MerkleJson
Generates a unique hash for a json or dict object. In this way you can guarantee the consistency of your json object quickly and easily by storing a unique hash which would act as a certificate signature.
MerkleJson guarantees the unique hash, regardless of the order of the json objects in a list. Also it detects if an merkle hash already exists in the object which avoids re-calculations. Furthermore, you can keep the consistency of the object only partially, by ignoring other irrelevant keys.
Installation
pip install merkle-json
Usage
from merkle_json import MerkleJson
mj = MerkleJson()
Serialize JSON object :
Unlike JSON, MerkleJson serializes objects canonically.
obj = {
'keyD': 1,
'keyA': 2,
'keyC': [4,3],
'keyB': 4,
}
print(obj)
mj = MerkleJson()
mj.stringify(obj)
Generate unique hash of JSON object :
mj = MerkleJson()
mjHash = mj.hash(obj)
print(mjHash)
obj_unordered = {
'keyC': [3,4],
'keyA': 2,
'keyB': 4,
'keyD': 1,
}
mj.hash(obj_unordered)
As you can see they both return the same merkle hash value.
In python when comparing both objects you will get a False
to obj == obj_unordered
due to the array which has a different order [4,3] != [3,4]
.
If merkleHash
(default key) is present then the calculation will not be performed (by default cached = True
) :
new_obj = {
'key1': 'something',
'key2': 'otherthing'
}
mj = MerkleJson()
mjHash = mj.hash(new_obj, cached = True)
print(mjHash)
new_obj = {
'key1': 'something',
'key2': 'otherthing',
'merkleHash': 'my_hash',
'merkleHash2' : 'my_valid_hash'
}
mj = MerkleJson(ignoreKeys=['merkleHash2'])
mjHash = mj.hash(new_obj, cached = False)
print(mjHash)
mjHash = mj.hash(new_obj)
print(mjHash)
You can get the hash which is stored in a different key by using hashTag
parameter :
mj = MerkleJson(hashTag= 'merkleHash2')
mjHash = mj.hash(new_obj)
print(mjHash)
Ignore specific key in the object with the parameter ignoreKeys
:
This way you can keep the consistency of the object partially.
new_obj = {
'key1': 'something',
'key2': 'otherthing'
}
obj_without_key2 = {
'key1': 'something'
}
mj = MerkleJson(ignoreKeys = ['key2'])
mjHash = mj.hash(new_obj)
print(mjHash)
mjHash2 = mj.hash(obj_without_key2)
print(mjHash2)
print(mjHash == mjHash2)
Ignore keys with None
values by setting ignoreNulls = True
when calling the hash()
function :
k = [{
'test' : None,
'test2': 1
}]
l = [{
'test2': 1
}]
print(mj.hash(k))
print(mj.hash(k, ignoreNulls=True))
print(mj.hash(l))
License
MIT
Credit
The project was inspired by :
- Merkle Tree
- Similar package/project in javascript : merkle-json
Merkle Tree
Merkle Trees, also known as hash trees, are a data structure used to efficiently verify the integrity of large datasets. They were named after Ralph Merkle, who first proposed the idea in a 1979 paper.

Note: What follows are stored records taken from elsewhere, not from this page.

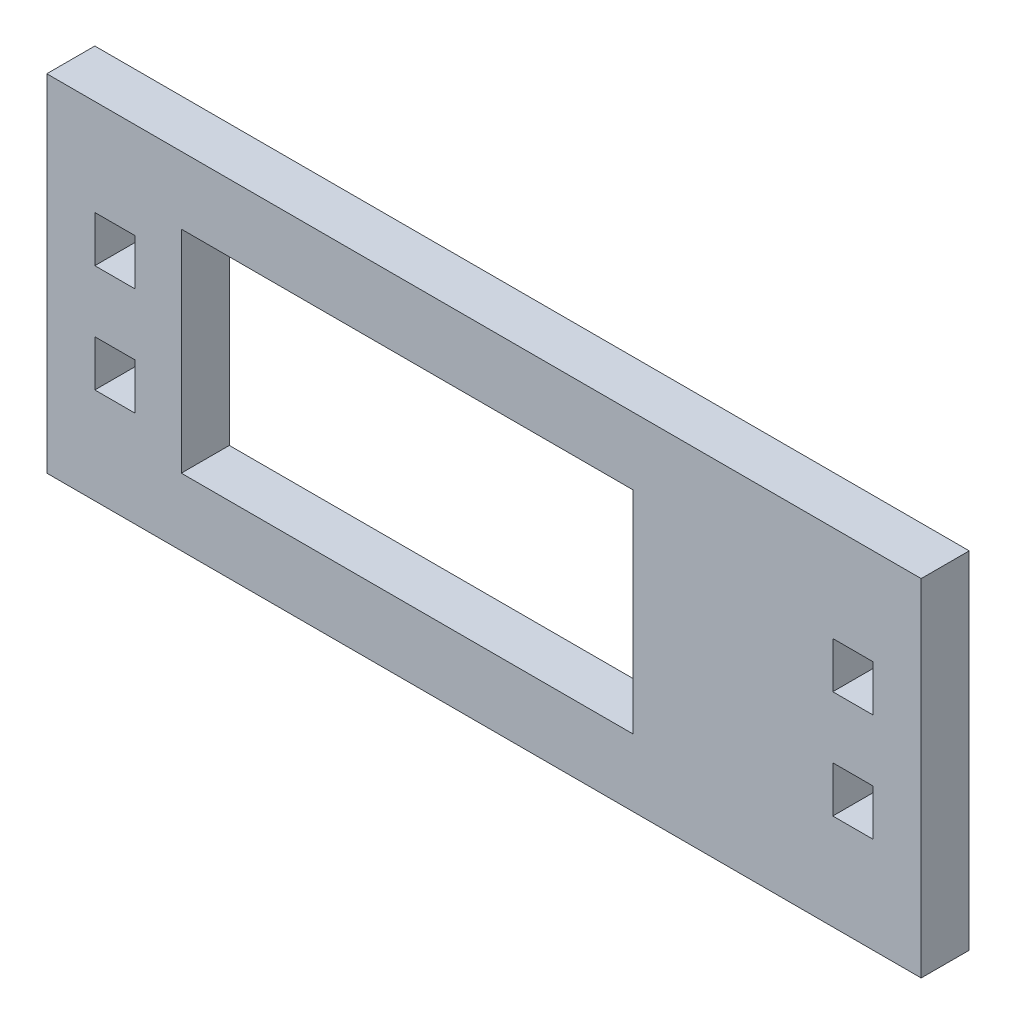
ISO-10303-21;
HEADER;
FILE_DESCRIPTION(('STEP AP214'),'2;1');
FILE_NAME('part.step','',(''),(''),'','','');
FILE_SCHEMA(('AUTOMOTIVE_DESIGN { 1 0 10303 214 1 1 1 1 }'));
ENDSEC;
DATA;
#1=APPLICATION_CONTEXT('core data for automotive mechanical design processes');
#2=APPLICATION_PROTOCOL_DEFINITION('international standard','automotive_design',2000,#1);
#3=PRODUCT_CONTEXT('',#1,'mechanical');
#4=PRODUCT('Part','Part','',(#3));
#5=PRODUCT_RELATED_PRODUCT_CATEGORY('part','',(#4));
#6=PRODUCT_DEFINITION_FORMATION('','',#4);
#7=PRODUCT_DEFINITION_CONTEXT('part definition',#1,'design');
#8=PRODUCT_DEFINITION('design','',#6,#7);
#9=PRODUCT_DEFINITION_SHAPE('','',#8);
#10=(LENGTH_UNIT() NAMED_UNIT(*) SI_UNIT(.MILLI.,.METRE.));
#11=(NAMED_UNIT(*) PLANE_ANGLE_UNIT() SI_UNIT($,.RADIAN.));
#12=(NAMED_UNIT(*) SI_UNIT($,.STERADIAN.) SOLID_ANGLE_UNIT());
#13=UNCERTAINTY_MEASURE_WITH_UNIT(LENGTH_MEASURE(1.E-05),#10,'distance_accuracy_value','');
#14=(GEOMETRIC_REPRESENTATION_CONTEXT(3) GLOBAL_UNCERTAINTY_ASSIGNED_CONTEXT((#13)) GLOBAL_UNIT_ASSIGNED_CONTEXT((#10,
#11,#12)) REPRESENTATION_CONTEXT('',''));
#15=CARTESIAN_POINT('',(0.,0.,0.));
#16=DIRECTION('',(0.,0.,1.));
#17=DIRECTION('',(1.,0.,0.));
#18=AXIS2_PLACEMENT_3D('',#15,#16,#17);
#19=CARTESIAN_POINT('',(57.785,-22.86,6.35));
#20=DIRECTION('',(-1.,0.,0.));
#21=DIRECTION('',(0.,0.,1.));
#22=AXIS2_PLACEMENT_3D('',#19,#20,#21);
#23=PLANE('',#22);
#24=DIRECTION('',(0.,1.,0.));
#25=VECTOR('',#24,1.);
#26=CARTESIAN_POINT('',(57.785,-22.86,0.));
#27=LINE('',#26,#25);
#28=CARTESIAN_POINT('',(57.785,-22.86,0.));
#29=VERTEX_POINT('',#28);
#30=CARTESIAN_POINT('',(57.785,22.86,0.));
#31=VERTEX_POINT('',#30);
#32=EDGE_CURVE('E397',#29,#31,#27,.T.);
#33=ORIENTED_EDGE('',*,*,#32,.T.);
#34=DIRECTION('',(0.,0.,-1.));
#35=VECTOR('',#34,1.);
#36=CARTESIAN_POINT('',(57.785,22.86,6.35));
#37=LINE('',#36,#35);
#38=CARTESIAN_POINT('',(57.785,22.86,6.35));
#39=VERTEX_POINT('',#38);
#40=EDGE_CURVE('E12',#39,#31,#37,.T.);
#41=ORIENTED_EDGE('',*,*,#40,.F.);
#42=DIRECTION('',(0.,1.,0.));
#43=VECTOR('',#42,1.);
#44=CARTESIAN_POINT('',(57.785,-22.86,6.35));
#45=LINE('',#44,#43);
#46=CARTESIAN_POINT('',(57.785,-22.86,6.35));
#47=VERTEX_POINT('',#46);
#48=EDGE_CURVE('E404',#47,#39,#45,.T.);
#49=ORIENTED_EDGE('',*,*,#48,.F.);
#50=DIRECTION('',(0.,0.,-1.));
#51=VECTOR('',#50,1.);
#52=CARTESIAN_POINT('',(57.785,-22.86,6.35));
#53=LINE('',#52,#51);
#54=EDGE_CURVE('E421',#47,#29,#53,.T.);
#55=ORIENTED_EDGE('',*,*,#54,.T.);
#56=EDGE_LOOP('',(#33,#41,#49,#55));
#57=FACE_BOUND('',#56,.T.);
#58=ADVANCED_FACE('F37',(#57),#23,.F.);
#59=CARTESIAN_POINT('',(-57.785,22.86,6.35));
#60=DIRECTION('',(0.,-1.,0.));
#61=DIRECTION('',(0.,0.,-1.));
#62=AXIS2_PLACEMENT_3D('',#59,#60,#61);
#63=PLANE('',#62);
#64=DIRECTION('',(-1.,0.,0.));
#65=VECTOR('',#64,1.);
#66=CARTESIAN_POINT('',(-57.785,22.86,0.));
#67=LINE('',#66,#65);
#68=CARTESIAN_POINT('',(-57.785,22.86,0.));
#69=VERTEX_POINT('',#68);
#70=EDGE_CURVE('E424',#31,#69,#67,.T.);
#71=ORIENTED_EDGE('',*,*,#70,.T.);
#72=DIRECTION('',(0.,0.,-1.));
#73=VECTOR('',#72,1.);
#74=CARTESIAN_POINT('',(-57.785,22.86,6.35));
#75=LINE('',#74,#73);
#76=CARTESIAN_POINT('',(-57.785,22.86,6.35));
#77=VERTEX_POINT('',#76);
#78=EDGE_CURVE('E44',#77,#69,#75,.T.);
#79=ORIENTED_EDGE('',*,*,#78,.F.);
#80=DIRECTION('',(-1.,0.,0.));
#81=VECTOR('',#80,1.);
#82=CARTESIAN_POINT('',(-57.785,22.86,6.35));
#83=LINE('',#82,#81);
#84=EDGE_CURVE('E409',#39,#77,#83,.T.);
#85=ORIENTED_EDGE('',*,*,#84,.F.);
#86=ORIENTED_EDGE('',*,*,#40,.T.);
#87=EDGE_LOOP('',(#71,#79,#85,#86));
#88=FACE_BOUND('',#87,.T.);
#89=ADVANCED_FACE('F490',(#88),#63,.F.);
#90=CARTESIAN_POINT('',(-57.785,-22.86,6.35));
#91=DIRECTION('',(1.,0.,0.));
#92=DIRECTION('',(0.,0.,-1.));
#93=AXIS2_PLACEMENT_3D('',#90,#91,#92);
#94=PLANE('',#93);
#95=DIRECTION('',(0.,-1.,0.));
#96=VECTOR('',#95,1.);
#97=CARTESIAN_POINT('',(-57.785,-22.86,0.));
#98=LINE('',#97,#96);
#99=CARTESIAN_POINT('',(-57.785,-22.86,0.));
#100=VERTEX_POINT('',#99);
#101=EDGE_CURVE('E426',#69,#100,#98,.T.);
#102=ORIENTED_EDGE('',*,*,#101,.T.);
#103=DIRECTION('',(0.,0.,-1.));
#104=VECTOR('',#103,1.);
#105=CARTESIAN_POINT('',(-57.785,-22.86,6.35));
#106=LINE('',#105,#104);
#107=CARTESIAN_POINT('',(-57.785,-22.86,6.35));
#108=VERTEX_POINT('',#107);
#109=EDGE_CURVE('E431',#108,#100,#106,.T.);
#110=ORIENTED_EDGE('',*,*,#109,.F.);
#111=DIRECTION('',(0.,-1.,0.));
#112=VECTOR('',#111,1.);
#113=CARTESIAN_POINT('',(-57.785,-22.86,6.35));
#114=LINE('',#113,#112);
#115=EDGE_CURVE('E414',#77,#108,#114,.T.);
#116=ORIENTED_EDGE('',*,*,#115,.F.);
#117=ORIENTED_EDGE('',*,*,#78,.T.);
#118=EDGE_LOOP('',(#102,#110,#116,#117));
#119=FACE_BOUND('',#118,.T.);
#120=ADVANCED_FACE('F438',(#119),#94,.F.);
#121=CARTESIAN_POINT('',(-57.785,-22.86,6.35));
#122=DIRECTION('',(0.,1.,0.));
#123=DIRECTION('',(0.,0.,1.));
#124=AXIS2_PLACEMENT_3D('',#121,#122,#123);
#125=PLANE('',#124);
#126=DIRECTION('',(1.,0.,0.));
#127=VECTOR('',#126,1.);
#128=CARTESIAN_POINT('',(-57.785,-22.86,0.));
#129=LINE('',#128,#127);
#130=EDGE_CURVE('E410',#100,#29,#129,.T.);
#131=ORIENTED_EDGE('',*,*,#130,.T.);
#132=ORIENTED_EDGE('',*,*,#54,.F.);
#133=DIRECTION('',(1.,0.,0.));
#134=VECTOR('',#133,1.);
#135=CARTESIAN_POINT('',(-57.785,-22.86,6.35));
#136=LINE('',#135,#134);
#137=EDGE_CURVE('E417',#108,#47,#136,.T.);
#138=ORIENTED_EDGE('',*,*,#137,.F.);
#139=ORIENTED_EDGE('',*,*,#109,.T.);
#140=EDGE_LOOP('',(#131,#132,#138,#139));
#141=FACE_BOUND('',#140,.T.);
#142=ADVANCED_FACE('F446',(#141),#125,.F.);
#143=CARTESIAN_POINT('',(0.,0.,6.35));
#144=DIRECTION('',(0.,0.,-1.));
#145=DIRECTION('',(-1.,0.,0.));
#146=AXIS2_PLACEMENT_3D('',#143,#144,#145);
#147=PLANE('',#146);
#148=DIRECTION('',(0.,-1.,0.));
#149=VECTOR('',#148,1.);
#150=CARTESIAN_POINT('',(46.101,10.16,6.35));
#151=LINE('',#150,#149);
#152=CARTESIAN_POINT('',(46.101,10.16,6.35));
#153=VERTEX_POINT('',#152);
#154=CARTESIAN_POINT('',(46.101,4.06400000000001,6.35));
#155=VERTEX_POINT('',#154);
#156=EDGE_CURVE('E227',#153,#155,#151,.T.);
#157=ORIENTED_EDGE('',*,*,#156,.F.);
#158=DIRECTION('',(-1.,0.,0.));
#159=VECTOR('',#158,1.);
#160=CARTESIAN_POINT('',(51.435,10.16,6.35));
#161=LINE('',#160,#159);
#162=CARTESIAN_POINT('',(51.435,10.16,6.35));
#163=VERTEX_POINT('',#162);
#164=EDGE_CURVE('E51',#163,#153,#161,.T.);
#165=ORIENTED_EDGE('',*,*,#164,.F.);
#166=DIRECTION('',(0.,1.,0.));
#167=VECTOR('',#166,1.);
#168=CARTESIAN_POINT('',(51.435,10.16,6.35));
#169=LINE('',#168,#167);
#170=CARTESIAN_POINT('',(51.435,4.06399999999999,6.35));
#171=VERTEX_POINT('',#170);
#172=EDGE_CURVE('E215',#171,#163,#169,.T.);
#173=ORIENTED_EDGE('',*,*,#172,.F.);
#174=DIRECTION('',(1.,0.,0.));
#175=VECTOR('',#174,1.);
#176=CARTESIAN_POINT('',(51.435,4.06399999999999,6.35));
#177=LINE('',#176,#175);
#178=EDGE_CURVE('E219',#155,#171,#177,.T.);
#179=ORIENTED_EDGE('',*,*,#178,.F.);
#180=EDGE_LOOP('',(#157,#165,#173,#179));
#181=FACE_BOUND('',#180,.T.);
#182=DIRECTION('',(-1.,0.,0.));
#183=VECTOR('',#182,1.);
#184=CARTESIAN_POINT('',(51.435,-4.06399999999999,6.35));
#185=LINE('',#184,#183);
#186=CARTESIAN_POINT('',(51.435,-4.06399999999999,6.35));
#187=VERTEX_POINT('',#186);
#188=CARTESIAN_POINT('',(46.101,-4.06400000000001,6.35));
#189=VERTEX_POINT('',#188);
#190=EDGE_CURVE('E261',#187,#189,#185,.T.);
#191=ORIENTED_EDGE('',*,*,#190,.F.);
#192=DIRECTION('',(0.,1.,0.));
#193=VECTOR('',#192,1.);
#194=CARTESIAN_POINT('',(51.435,-10.16,6.35));
#195=LINE('',#194,#193);
#196=CARTESIAN_POINT('',(51.435,-10.16,6.35));
#197=VERTEX_POINT('',#196);
#198=EDGE_CURVE('E240',#197,#187,#195,.T.);
#199=ORIENTED_EDGE('',*,*,#198,.F.);
#200=DIRECTION('',(1.,0.,0.));
#201=VECTOR('',#200,1.);
#202=CARTESIAN_POINT('',(51.435,-10.16,6.35));
#203=LINE('',#202,#201);
#204=CARTESIAN_POINT('',(46.101,-10.16,6.35));
#205=VERTEX_POINT('',#204);
#206=EDGE_CURVE('E248',#205,#197,#203,.T.);
#207=ORIENTED_EDGE('',*,*,#206,.F.);
#208=DIRECTION('',(0.,-1.,0.));
#209=VECTOR('',#208,1.);
#210=CARTESIAN_POINT('',(46.101,-10.16,6.35));
#211=LINE('',#210,#209);
#212=EDGE_CURVE('E273',#189,#205,#211,.T.);
#213=ORIENTED_EDGE('',*,*,#212,.F.);
#214=EDGE_LOOP('',(#191,#199,#207,#213));
#215=FACE_BOUND('',#214,.T.);
#216=DIRECTION('',(0.,1.,0.));
#217=VECTOR('',#216,1.);
#218=CARTESIAN_POINT('',(-46.101,-10.16,6.35));
#219=LINE('',#218,#217);
#220=CARTESIAN_POINT('',(-46.101,-10.16,6.35));
#221=VERTEX_POINT('',#220);
#222=CARTESIAN_POINT('',(-46.101,-4.064,6.35));
#223=VERTEX_POINT('',#222);
#224=EDGE_CURVE('E301',#221,#223,#219,.T.);
#225=ORIENTED_EDGE('',*,*,#224,.F.);
#226=DIRECTION('',(1.,0.,0.));
#227=VECTOR('',#226,1.);
#228=CARTESIAN_POINT('',(-51.435,-10.16,6.35));
#229=LINE('',#228,#227);
#230=CARTESIAN_POINT('',(-51.435,-10.16,6.35));
#231=VERTEX_POINT('',#230);
#232=EDGE_CURVE('E277',#231,#221,#229,.T.);
#233=ORIENTED_EDGE('',*,*,#232,.F.);
#234=DIRECTION('',(0.,-1.,0.));
#235=VECTOR('',#234,1.);
#236=CARTESIAN_POINT('',(-51.435,-10.16,6.35));
#237=LINE('',#236,#235);
#238=CARTESIAN_POINT('',(-51.435,-4.064,6.35));
#239=VERTEX_POINT('',#238);
#240=EDGE_CURVE('E288',#239,#231,#237,.T.);
#241=ORIENTED_EDGE('',*,*,#240,.F.);
#242=DIRECTION('',(-1.,0.,0.));
#243=VECTOR('',#242,1.);
#244=CARTESIAN_POINT('',(-51.435,-4.064,6.35));
#245=LINE('',#244,#243);
#246=EDGE_CURVE('E313',#223,#239,#245,.T.);
#247=ORIENTED_EDGE('',*,*,#246,.F.);
#248=EDGE_LOOP('',(#225,#233,#241,#247));
#249=FACE_BOUND('',#248,.T.);
#250=DIRECTION('',(1.,0.,0.));
#251=VECTOR('',#250,1.);
#252=CARTESIAN_POINT('',(-51.435,4.064,6.35));
#253=LINE('',#252,#251);
#254=CARTESIAN_POINT('',(-51.435,4.064,6.35));
#255=VERTEX_POINT('',#254);
#256=CARTESIAN_POINT('',(-46.101,4.064,6.35));
#257=VERTEX_POINT('',#256);
#258=EDGE_CURVE('E341',#255,#257,#253,.T.);
#259=ORIENTED_EDGE('',*,*,#258,.F.);
#260=DIRECTION('',(0.,-1.,0.));
#261=VECTOR('',#260,1.);
#262=CARTESIAN_POINT('',(-51.435,10.16,6.35));
#263=LINE('',#262,#261);
#264=CARTESIAN_POINT('',(-51.435,10.16,6.35));
#265=VERTEX_POINT('',#264);
#266=EDGE_CURVE('E317',#265,#255,#263,.T.);
#267=ORIENTED_EDGE('',*,*,#266,.F.);
#268=DIRECTION('',(-1.,0.,0.));
#269=VECTOR('',#268,1.);
#270=CARTESIAN_POINT('',(-51.435,10.16,6.35));
#271=LINE('',#270,#269);
#272=CARTESIAN_POINT('',(-46.101,10.16,6.35));
#273=VERTEX_POINT('',#272);
#274=EDGE_CURVE('E328',#273,#265,#271,.T.);
#275=ORIENTED_EDGE('',*,*,#274,.F.);
#276=DIRECTION('',(0.,1.,0.));
#277=VECTOR('',#276,1.);
#278=CARTESIAN_POINT('',(-46.101,10.16,6.35));
#279=LINE('',#278,#277);
#280=EDGE_CURVE('E353',#257,#273,#279,.T.);
#281=ORIENTED_EDGE('',*,*,#280,.F.);
#282=EDGE_LOOP('',(#259,#267,#275,#281));
#283=FACE_BOUND('',#282,.T.);
#284=DIRECTION('',(-1.,0.,0.));
#285=VECTOR('',#284,1.);
#286=CARTESIAN_POINT('',(-40.005,13.97,6.35));
#287=LINE('',#286,#285);
#288=CARTESIAN_POINT('',(19.685,13.97,6.35));
#289=VERTEX_POINT('',#288);
#290=CARTESIAN_POINT('',(-40.005,13.97,6.35));
#291=VERTEX_POINT('',#290);
#292=EDGE_CURVE('E381',#289,#291,#287,.T.);
#293=ORIENTED_EDGE('',*,*,#292,.F.);
#294=DIRECTION('',(0.,1.,0.));
#295=VECTOR('',#294,1.);
#296=CARTESIAN_POINT('',(19.685,-13.97,6.35));
#297=LINE('',#296,#295);
#298=CARTESIAN_POINT('',(19.685,-13.97,6.35));
#299=VERTEX_POINT('',#298);
#300=EDGE_CURVE('E357',#299,#289,#297,.T.);
#301=ORIENTED_EDGE('',*,*,#300,.F.);
#302=DIRECTION('',(1.,0.,0.));
#303=VECTOR('',#302,1.);
#304=CARTESIAN_POINT('',(-40.005,-13.97,6.35));
#305=LINE('',#304,#303);
#306=CARTESIAN_POINT('',(-40.005,-13.97,6.35));
#307=VERTEX_POINT('',#306);
#308=EDGE_CURVE('E368',#307,#299,#305,.T.);
#309=ORIENTED_EDGE('',*,*,#308,.F.);
#310=DIRECTION('',(0.,-1.,0.));
#311=VECTOR('',#310,1.);
#312=CARTESIAN_POINT('',(-40.005,-13.97,6.35));
#313=LINE('',#312,#311);
#314=EDGE_CURVE('E393',#291,#307,#313,.T.);
#315=ORIENTED_EDGE('',*,*,#314,.F.);
#316=EDGE_LOOP('',(#293,#301,#309,#315));
#317=FACE_BOUND('',#316,.T.);
#318=ORIENTED_EDGE('',*,*,#48,.T.);
#319=ORIENTED_EDGE('',*,*,#84,.T.);
#320=ORIENTED_EDGE('',*,*,#115,.T.);
#321=ORIENTED_EDGE('',*,*,#137,.T.);
#322=EDGE_LOOP('',(#318,#319,#320,#321));
#323=FACE_BOUND('',#322,.T.);
#324=ADVANCED_FACE('F452',(#181,#215,#249,#283,#317,#323),#147,.F.);
#325=CARTESIAN_POINT('',(0.,0.,0.));
#326=DIRECTION('',(0.,0.,-1.));
#327=DIRECTION('',(-1.,0.,0.));
#328=AXIS2_PLACEMENT_3D('',#325,#326,#327);
#329=PLANE('',#328);
#330=DIRECTION('',(-1.,0.,0.));
#331=VECTOR('',#330,1.);
#332=CARTESIAN_POINT('',(51.435,10.16,0.));
#333=LINE('',#332,#331);
#334=CARTESIAN_POINT('',(51.435,10.16,0.));
#335=VERTEX_POINT('',#334);
#336=CARTESIAN_POINT('',(46.101,10.16,0.));
#337=VERTEX_POINT('',#336);
#338=EDGE_CURVE('E199',#335,#337,#333,.T.);
#339=ORIENTED_EDGE('',*,*,#338,.T.);
#340=DIRECTION('',(0.,-1.,0.));
#341=VECTOR('',#340,1.);
#342=CARTESIAN_POINT('',(46.101,10.16,0.));
#343=LINE('',#342,#341);
#344=CARTESIAN_POINT('',(46.101,4.06400000000001,0.));
#345=VERTEX_POINT('',#344);
#346=EDGE_CURVE('E208',#337,#345,#343,.T.);
#347=ORIENTED_EDGE('',*,*,#346,.T.);
#348=DIRECTION('',(1.,0.,0.));
#349=VECTOR('',#348,1.);
#350=CARTESIAN_POINT('',(51.435,4.06399999999999,0.));
#351=LINE('',#350,#349);
#352=CARTESIAN_POINT('',(51.435,4.06399999999999,0.));
#353=VERTEX_POINT('',#352);
#354=EDGE_CURVE('E59',#345,#353,#351,.T.);
#355=ORIENTED_EDGE('',*,*,#354,.T.);
#356=DIRECTION('',(0.,1.,0.));
#357=VECTOR('',#356,1.);
#358=CARTESIAN_POINT('',(51.435,10.16,0.));
#359=LINE('',#358,#357);
#360=EDGE_CURVE('E205',#353,#335,#359,.T.);
#361=ORIENTED_EDGE('',*,*,#360,.T.);
#362=EDGE_LOOP('',(#339,#347,#355,#361));
#363=FACE_BOUND('',#362,.T.);
#364=DIRECTION('',(0.,1.,0.));
#365=VECTOR('',#364,1.);
#366=CARTESIAN_POINT('',(51.435,-10.16,0.));
#367=LINE('',#366,#365);
#368=CARTESIAN_POINT('',(51.435,-10.16,0.));
#369=VERTEX_POINT('',#368);
#370=CARTESIAN_POINT('',(51.435,-4.06399999999999,0.));
#371=VERTEX_POINT('',#370);
#372=EDGE_CURVE('E244',#369,#371,#367,.T.);
#373=ORIENTED_EDGE('',*,*,#372,.T.);
#374=DIRECTION('',(-1.,0.,0.));
#375=VECTOR('',#374,1.);
#376=CARTESIAN_POINT('',(51.435,-4.06399999999999,0.));
#377=LINE('',#376,#375);
#378=CARTESIAN_POINT('',(46.101,-4.06400000000001,0.));
#379=VERTEX_POINT('',#378);
#380=EDGE_CURVE('E247',#371,#379,#377,.T.);
#381=ORIENTED_EDGE('',*,*,#380,.T.);
#382=DIRECTION('',(0.,-1.,0.));
#383=VECTOR('',#382,1.);
#384=CARTESIAN_POINT('',(46.101,-10.16,0.));
#385=LINE('',#384,#383);
#386=CARTESIAN_POINT('',(46.101,-10.16,0.));
#387=VERTEX_POINT('',#386);
#388=EDGE_CURVE('E251',#379,#387,#385,.T.);
#389=ORIENTED_EDGE('',*,*,#388,.T.);
#390=DIRECTION('',(1.,0.,0.));
#391=VECTOR('',#390,1.);
#392=CARTESIAN_POINT('',(51.435,-10.16,0.));
#393=LINE('',#392,#391);
#394=EDGE_CURVE('E254',#387,#369,#393,.T.);
#395=ORIENTED_EDGE('',*,*,#394,.T.);
#396=EDGE_LOOP('',(#373,#381,#389,#395));
#397=FACE_BOUND('',#396,.T.);
#398=DIRECTION('',(1.,0.,0.));
#399=VECTOR('',#398,1.);
#400=CARTESIAN_POINT('',(-51.435,-10.16,0.));
#401=LINE('',#400,#399);
#402=CARTESIAN_POINT('',(-51.435,-10.16,0.));
#403=VERTEX_POINT('',#402);
#404=CARTESIAN_POINT('',(-46.101,-10.16,0.));
#405=VERTEX_POINT('',#404);
#406=EDGE_CURVE('E284',#403,#405,#401,.T.);
#407=ORIENTED_EDGE('',*,*,#406,.T.);
#408=DIRECTION('',(0.,1.,0.));
#409=VECTOR('',#408,1.);
#410=CARTESIAN_POINT('',(-46.101,-10.16,0.));
#411=LINE('',#410,#409);
#412=CARTESIAN_POINT('',(-46.101,-4.064,0.));
#413=VERTEX_POINT('',#412);
#414=EDGE_CURVE('E287',#405,#413,#411,.T.);
#415=ORIENTED_EDGE('',*,*,#414,.T.);
#416=DIRECTION('',(-1.,0.,0.));
#417=VECTOR('',#416,1.);
#418=CARTESIAN_POINT('',(-51.435,-4.064,0.));
#419=LINE('',#418,#417);
#420=CARTESIAN_POINT('',(-51.435,-4.064,0.));
#421=VERTEX_POINT('',#420);
#422=EDGE_CURVE('E291',#413,#421,#419,.T.);
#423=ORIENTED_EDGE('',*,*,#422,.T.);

A Merkle Tree works by recursively hashing pairs of data until a single hash value, known as the root hash or Merkle root, is produced. Each level of the tree represents a different layer of hashes, with the root hash at the top. The leaf nodes of the tree contain the original data or hashed values.
One of the main advantages of Merkle Trees is their ability to efficiently verify the integrity of large datasets without having to hash the entire dataset. Instead, by hashing only the nodes along the path from the data to the root, a Merkle proof can be generated which proves that the data is part of the larger dataset without revealing any other information about the dataset.
Merkle Trees are commonly used in peer-to-peer networks, such as blockchain technology, to ensure the integrity of the data stored in the network. They are also used in other applications such as file sharing and digital signatures.